Erwin terus membuntuti Alisa dari kejauhan.
Benar saja, gadis itu tidak menuju toko bunganya. Melainkan suatu tempat yang belum Erwin kenal sebelumnya.
Alisa masuk kedalam sebuah bangunan panti asuhan. ia terlihat akrab dengan seorang wanita parobaya yang ada di tempat itu.
Erwin tidak bisa mendekat, ia hanya mengawasinya dari jarak yang cukup jauh.
"Alisa, tumben kau datang, Nak.."
"Iya, Bu. Saya minta maaf beberapa bulan terakhir tidak bisa datang atau memberi bantuan buat adik-adik disini."
"Bukan itu maksud ibu? Kau menghilang tanpa kabar. Kami sempat khawatir."
Alisa mengeluarkan amplop dari tas selempangnya.
"Ini ada Rizki sedikit, semoga bisa membantu adik-adik disini.."
Wanita itu menerima dengan penuh suka cita.
Dari panti asuhan, Alisa menuju ke toko bunganya. Rosa menyambutnya dengan antusias.
Alisa kagum melihat kemajuan tokonya.
"Kau hebat, selama aku tinggal, Yoko ini malah maju pesat." ucapnya takjub.
"Berterima kasihlah pada Om Erwin. Karena campur tangannya semua ini bisa terjadi.
Dia seorang pebisnis yang hebat, ide-ide nya selalu cemerlang dan ini buktinya."
Mendengar nama Erwin di sebut, Alisa mendesah pelan. Ia tidak memungkiri selain pernah menoreh sejarah kelam padanya, dia juga banyak memberi kebaikan termasuk pada tokonya ini.
"Kau ada masalah?" Rosa mengamati wajah sahabatnya yang gelisah.
Alisa mengangguk.
"Om Erwin lagi?"
Alisa mengangguk lagi.
"Aku tidak bisa membantumu apa-apa." sesal Rosa
"Kalau Om Erwin saja mungkin aku tidak se bingung ini. Kau ingat mantan istrinya tang pernah aku ceritakan?"
" Kenapa dia?"
"Dia masuk kerumah itu dengan maksud jahat, dia berusaha menjatuhkan aku di depan Om Erwin."

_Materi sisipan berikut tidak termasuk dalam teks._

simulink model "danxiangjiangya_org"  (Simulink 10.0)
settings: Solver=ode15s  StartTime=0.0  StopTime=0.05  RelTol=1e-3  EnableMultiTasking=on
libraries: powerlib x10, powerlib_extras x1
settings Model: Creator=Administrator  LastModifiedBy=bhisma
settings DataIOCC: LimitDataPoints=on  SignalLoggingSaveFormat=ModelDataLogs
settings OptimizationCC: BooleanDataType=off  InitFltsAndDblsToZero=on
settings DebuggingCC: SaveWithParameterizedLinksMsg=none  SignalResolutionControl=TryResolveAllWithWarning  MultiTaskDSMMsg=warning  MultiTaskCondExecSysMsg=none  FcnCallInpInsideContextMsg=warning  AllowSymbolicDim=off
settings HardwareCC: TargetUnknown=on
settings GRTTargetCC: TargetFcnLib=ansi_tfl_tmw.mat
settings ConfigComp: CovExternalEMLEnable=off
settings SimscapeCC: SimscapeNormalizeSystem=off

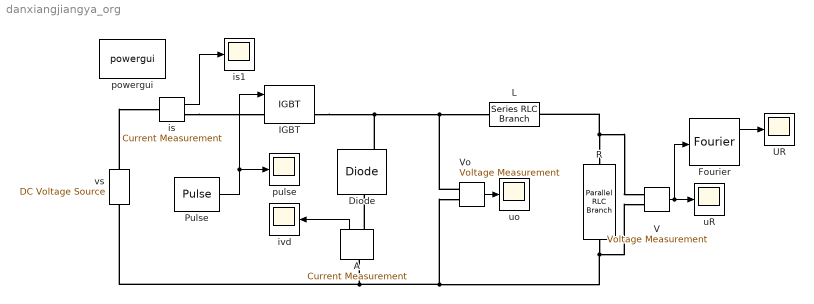
== system danxiangjiangya_org ==
  A : powerlib/Measurements/Current Measurement  PhasorSimulation=off  OutputType=Magnitude  PSBequivalent=0
      settings: SourceProductName=Simscape Electrical
  Diode : powerlib/Power Electronics/Diode  Ron=0.01  Lon=0  Vf=0.8  IC=0  UseSnubber=off  Rs=10  Cs=0.01e-6  Measurements=on
      settings: SourceProductName=Simscape Electrical
  Fourier : powerlib_extras/Measurements/Fourier  f1=500  n=0
      settings: SourceProductName=Simscape Electrical  SourceProductBaseCode=PS
  IGBT : powerlib/Power Electronics/IGBT  Ron=0.01  Lon=1e-6  Vf=1  Tf=1e-6  Tt=2e-6  IC=0  Rs=0  Cs=0.01e-6  Measurements=on
      settings: SourceProductName=Simscape Electrical
  "L " : powerlib/Elements/Series RLC Branch  LConnTagsString=__new0  RConnTagsString=__new0  BranchType=L  Resistance=[]  Inductance=1e-3  SetiL0=off  InitialCurrent=0  Capacitance=[]  Setx0=off  InitialVoltage=0  Measurements=None
      settings: SourceProductName=Simscape Electrical
  "Pulse " : DiscretePulseGenerator  PulseType=Time based  Period=0.002  PulseWidth=50
  R : powerlib/Elements/Parallel RLC Branch  LConnTagsString=a  RConnTagsString=__new0  BranchType=R  Resistance=1  Inductance=[]  SetiL0=off  InitialCurrent=0  Capacitance=[]  Setx0=off  InitialVoltage=0  Measurements=None
      settings: SourceProductName=Simscape Electrical
  UR : Scope
  V : powerlib/Measurements/Voltage Measurement  PhasorSimulation=off  OutputType=Magnitude  PSBequivalent=0
      settings: SourceProductName=Simscape Electrical
  Vo : powerlib/Measurements/Voltage Measurement  PhasorSimulation=off  OutputType=Magnitude  PSBequivalent=0
      settings: SourceProductName=Simscape Electrical
  is : powerlib/Measurements/Current Measurement  PhasorSimulation=off  OutputType=Magnitude  PSBequivalent=0
      settings: SourceProductName=Simscape Electrical
  is1 : Scope
  ivd : Scope
  powergui : powerlib/powergui  Priority=1  SimulationMode=Continuous  SampleTime=50e-6  frequency=60  Iterations=50  frequencyindice=0  Pbase=100e6  ErrMax=1e-4  UnitsV=kV  UnitsW=MW  buscounter=0  FunctionMessages=off  echomessages=off  EnableUseOfTLC=off  CurrentSourceSwitches=off  DisableSnubberDevices=off  DisableRonSwitches=off  DisableVfSwitches=off  DisplayEquations=off  AutomaticDiscreteSolvers=off  SolverType=Tustin/Backward Euler (TBE)  Interpol=off  ExternalGateDelay=off  methode=off  Ts=10  x0status=blocks  SPID=off  SwTol=0  HookPort=off  NonlinearTolerance=1e-4  nMaxIteration=100  ContinueOnMaxIteration=off  RestoreLinks=warning  ResistiveCurrentMeasurement=off  Frange=[0:2:500]  Ylog=off  Xlog=on  ShowGrid=off  save=off  variable=ZData  structure=0  ZoomFFT=off  StartTime=0.0  cycles=1  DisplayStyle=1  fundamental=60  FreqAxis=off  MaxFrequency=1000  frequencyindicesteady=1  RmsSteady=1  display=off
      settings: SourceProductName=Simscape Electrical
  pulse : Scope
  uR : Scope
  uo : Scope
  vs : powerlib/Electrical Sources/DC Voltage Source  Amplitude=200  Measurements=None
      settings: SourceProductName=Simscape Electrical
  wires:
  V/1 -> uR/1, Fourier/1
  A/1 -> ivd/1
  is/1 -> is1/1
  Vo/1 -> uo/1
  "Pulse "/1 -> IGBT/1, pulse/1
  Fourier/1 -> UR/1
  connections:
  vs/LConn1 -- A/LConn1 -- Vo/LConn2 -- R/RConn1 -- V/LConn2
  A/RConn1 -- Diode/LConn1
  vs/RConn1 -- is/LConn1
  is/RConn1 -- IGBT/LConn1
  IGBT/RConn1 -- Vo/LConn1 -- "L "/LConn1 -- Diode/RConn1
  "L "/RConn1 -- R/LConn1 -- V/LConn1

"Lalu Om Erwin percaya begitu saja?"
"Itulah masalahnya, dia percaya pada wanita itu dengan membabi buta."
"Aku ingin mengakhiri semua ini, Ros. aku ingin berpisah darinya dan melanjutkan hidup ku."
"Lalu Langit?"
Air mata perlahan menetes dari mata beningnya.
"Om Erwin tidak mengijinkan aku membawanya kalau aku keluar dari rumah itu. Sedangkan aku tidak mungkin berpisah dari Langit. Dia sangat berarti dalam hidupku." Akhirnya Alisa tergugu. Ia menumpahkan segala beban yang di pendamnya.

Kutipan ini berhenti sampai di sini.